● The problem: Draw out every line with the word "Circle" from the listing below.
### Information given ###
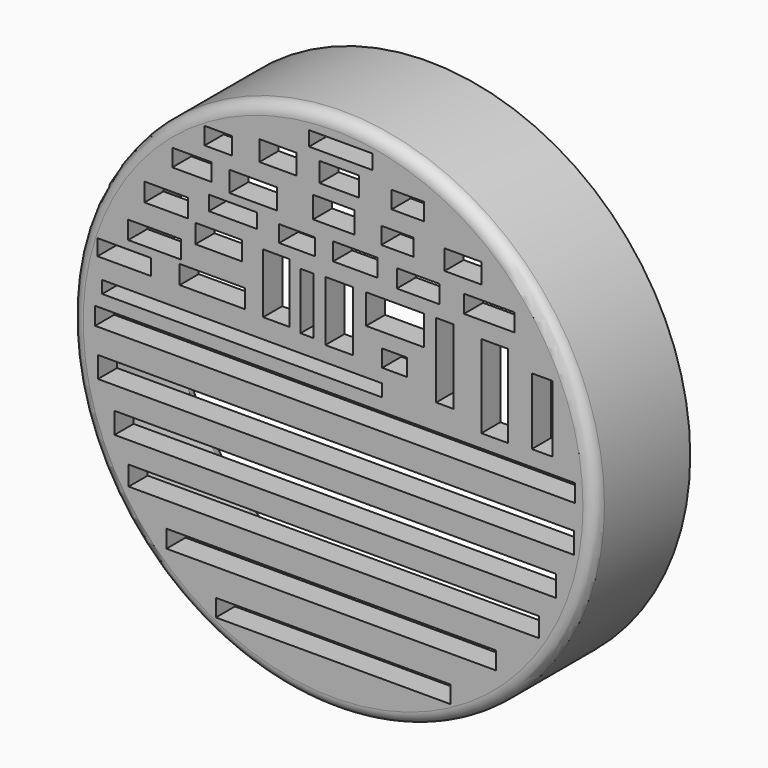
from build123d import *

# Parameters (mm, degrees)
F0_R     = 55.8162031388
F0_R_2   = 53.34
F1_DEPTH = 25.4
F2_DEPTH = 5.08
F3_W     = 13.5487690568
F3_H     = 3.1119100749
F3_W_2   = 8.3945244551
F3_H_2   = 4.1670650244
F3_W_3   = 7.9046934843
F3_H_3   = 4.2887181044
F3_W_4   = 5.7976543903
F3_H_4   = 3.6839321256
F3_W_5   = 8.4092468023
F3_H_5   = 3.7000700831
F3_W_6   = 10.0910961628
F3_H_6   = 4.372805357
F3_W_7   = 8.8297128677
F3_H_7   = 4.6250857413
F3_W_8   = 6.8733096123
F3_H_8   = 3.6097243428
F3_W_9   = 6.8847164512
F3_H_9   = 3.6839284003
F3_W_10  = 7.9117268324
F3_H_10  = 4.2525529861
F3_W_11  = 10.2453604341
F3_H_11  = 3.1119063497
F3_W_12  = 9.3357227743
F3_H_12  = 3.9257928729
F3_W_13  = 9.9581070244
F3_H_13  = 4.0215402842
F3_W_14  = 13.9796473086
F3_H_14  = 3.9736665785
F3_W_15  = 11.2507455051
F3_H_15  = 3.8300380111
F3_W_16  = 11.3943703473
F3_H_16  = 3.3991634846
F3_W_17  = 7.6600834727
F3_H_17  = 3.5427883267
F3_W_18  = 9.4169080257
F3_H_18  = 3.7821643054
F3_W_19  = 9.1442242265
F3_H_19  = 3.8300417364
F3_W_20  = 10.7719898224
F3_W_21  = 5.6493058801
F3_H_20  = 12.7348862588
F3_W_22  = 2.7767792344
F3_H_21  = 12.112505734
F3_W_23  = 5.8886855841
F3_H_22  = 12.7827599645
F3_W_24  = 12.351885438
F3_H_23  = 6.3195675611
F3_W_25  = 5.2663087845
F3_H_24  = 3.6385394633
F3_W_26  = 3.6878287792
F3_H_25  = 15.8802717924
F3_W_27  = 5.7199150324
F3_H_26  = 17.6865570247
F3_W_28  = 4.3651908636
F3_H_27  = 14.2245069146
F3_W_29  = 59.7025379539
F3_H_28  = 2.6341676712
F3_W_30  = 102.2809818387
F3_H_29  = 3.7544369698
F3_W_31  = 101.4531031251
F3_H_30  = 4.5157186687
F3_W_32  = 50.049200654
F3_H_31  = 3.6878362298
F3_W_33  = 70.2946484089
F3_H_32  = 3.7630945444
F3_W_34  = 87.4543711543
F3_H_33  = 4.1394084692
F3_W_35  = 94.1526964307
F3_H_34  = 4.5157149434
F4_DEPTH = 25.4


# Not quite as in the source:
# - a fillet or chamfer that OpenCascade refuses, or shapes differently, is made with other operations: its cross-section is extruded or revolved along the edge and cut away or added


with BuildPart() as f1:
    # F0 (on Front) → F1 (new body)
    with BuildSketch(Plane.XZ):
        Circle(F0_R)
        Circle(F0_R_2, mode=Mode.SUBTRACT)
    extrude(amount=-F1_DEPTH)

    # F0 (on Front) → F2 (join)
    with BuildSketch(Plane.XZ):
        Circle(F0_R_2)
    extrude(amount=-F2_DEPTH)

    # F3 (on face) → F4 (cut)
    with BuildSketch(Plane.XZ):
        with Locations((1.637134701, 50.0085186213)):
            Rectangle(F3_W, F3_H)
        with Locations((1.3199597597, 44.4235429168)):
            Rectangle(F3_W_2, F3_H_2)
        with Locations((-11.756375432, 44.2828312516)):
            Rectangle(F3_W_3, F3_H_3)
        with Locations((-24.4977399707, 43.2760901749)):
            Rectangle(F3_W_4, F3_H_4)
        with Locations((-30.0885364413, 36.9247384369)):
            Rectangle(F3_W_5, F3_H_5)
        with Locations((-17.0542001724, 36.4201851189)):
            Rectangle(F3_W_6, F3_H_6)
        with Locations((0.1427084208, 37.387246266)):
            Rectangle(F3_W_7, F3_H_7)
        with Locations((13.7023478746, 36.8178598583)):
            Rectangle(F3_W_8, F3_H_8)
        with Locations((15.9046910703, 44.2423652858)):
            Rectangle(F3_W_9, F3_H_9)
        with Locations((27.7209356427, 36.6447903216)):
            Rectangle(F3_W_10, F3_H_10)
        with Locations((-21.367046982, 30.954066664)):
            Rectangle(F3_W_11, F3_H_11)
        with Locations((-35.5621371418, 28.5363532603)):
            Rectangle(F3_W_12, F3_H_12)
        with Locations((-24.3832040578, 24.2754332721)):
            Rectangle(F3_W_13, F3_H_13)
        with Locations((-25.7237199694, 15.490276739)):
            Rectangle(F3_W_14, F3_H_14)
        with Locations((-38.0516629666, 20.3017666936)):
            Rectangle(F3_W_15, F3_H_15)
        with Locations((-44.5387940854, 14.9157717824)):
            Rectangle(F3_W_16, F3_H_16)
        with Locations((-7.6746530831, 30.0683714449)):
            Rectangle(F3_W_17, F3_H_17)
        with Locations((4.7084540129, 30.4753128439)):
            Rectangle(F3_W_18, F3_H_18)
        with Locations((18.1541852653, 29.8289936036)):
            Rectangle(F3_W_19, F3_H_19)
        with Locations((33.2828462124, 29.7093037516)):
            Rectangle(F3_W_20, F3_H_18)
        with Locations((-12.0791979134, 19.6315106004)):
            Rectangle(F3_W_21, F3_H_20)
        with Locations((-5.5681280792, 18.8894383609)):
            Rectangle(F3_W_22, F3_H_21)
        with Locations((1.3020038605, 18.7458135188)):
            Rectangle(F3_W_23, F3_H_22)
        with Locations((13.1990686059, 21.9295322895)):
            Rectangle(F3_W_24, F3_H_23)
        with Locations((13.1033211946, 13.8385724276)):
            Rectangle(F3_W_25, F3_H_24)
        with Locations((23.8093435764, 17.1886943281)):
            Rectangle(F3_W_26, F3_H_25)
        with Locations((34.458912909, 15.457669273)):
            Rectangle(F3_W_27, F3_H_26)
        with Locations((44.544018805, 14.2534784973)):
            Rectangle(F3_W_28, F3_H_27)
        with Locations((-19.3811021745, 7.7809505165)):
            Rectangle(F3_W_29, F3_H_28)
        with Locations((0.4028789699, 1.8772184849)):
            Rectangle(F3_W_30, F3_H_29)
        with Locations((0.5910359323, -7.5348559767)):
            Rectangle(F3_W_31, F3_H_30)
        with Locations((0.026576221, -44.526103884)):
            Rectangle(F3_W_32, F3_H_31)
        with Locations((-0.3873705864, -35.0054651499)):
            Rectangle(F3_W_33, F3_H_32)
        with Locations((0.1394636929, -25.7858783007)):
            Rectangle(F3_W_34, F3_H_33)
        with Locations((0.4781447351, -16.8673358858)):
            Rectangle(F3_W_35, F3_H_34)
    extrude(amount=-F4_DEPTH, mode=Mode.SUBTRACT)

    # F5: fillet of radius 2.54 on 2 edges, made by hand

    # F5_s1 → F5_t2 (revolve, cut)
    with BuildSketch(Plane.XY):
        with BuildLine():
            ThreePointArc((55.8162031388, 2.54), (55.072254363, 0.7439487758), (53.2762031388, 0))
            Line((53.2762031388, 0), (55.8162031388, 0))
            Line((55.8162031388, 0), (55.8162031388, 2.54))
        make_face()
    revolve(axis=Axis((0, 0, 0), (0, -1, 0)), mode=Mode.SUBTRACT)

    # F5_s3 → F5_t4 (revolve, cut)
    with BuildSketch(Plane.XY):
        with BuildLine():
            ThreePointArc((55.88, 25.4), (54.0839487758, 24.6560512242), (53.34, 22.86))
            Line((53.34, 22.86), (53.34, 25.4))
            Line((53.34, 25.4), (55.88, 25.4))
        make_face()
    revolve(axis=Axis((0, 25.4, 0), (0, -1, 0)), mode=Mode.SUBTRACT)


solid = f1.part
###
● Exercise answer:
        Circle(F0_R)
        Circle(F0_R_2, mode=Mode.SUBTRACT)
        Circle(F0_R_2)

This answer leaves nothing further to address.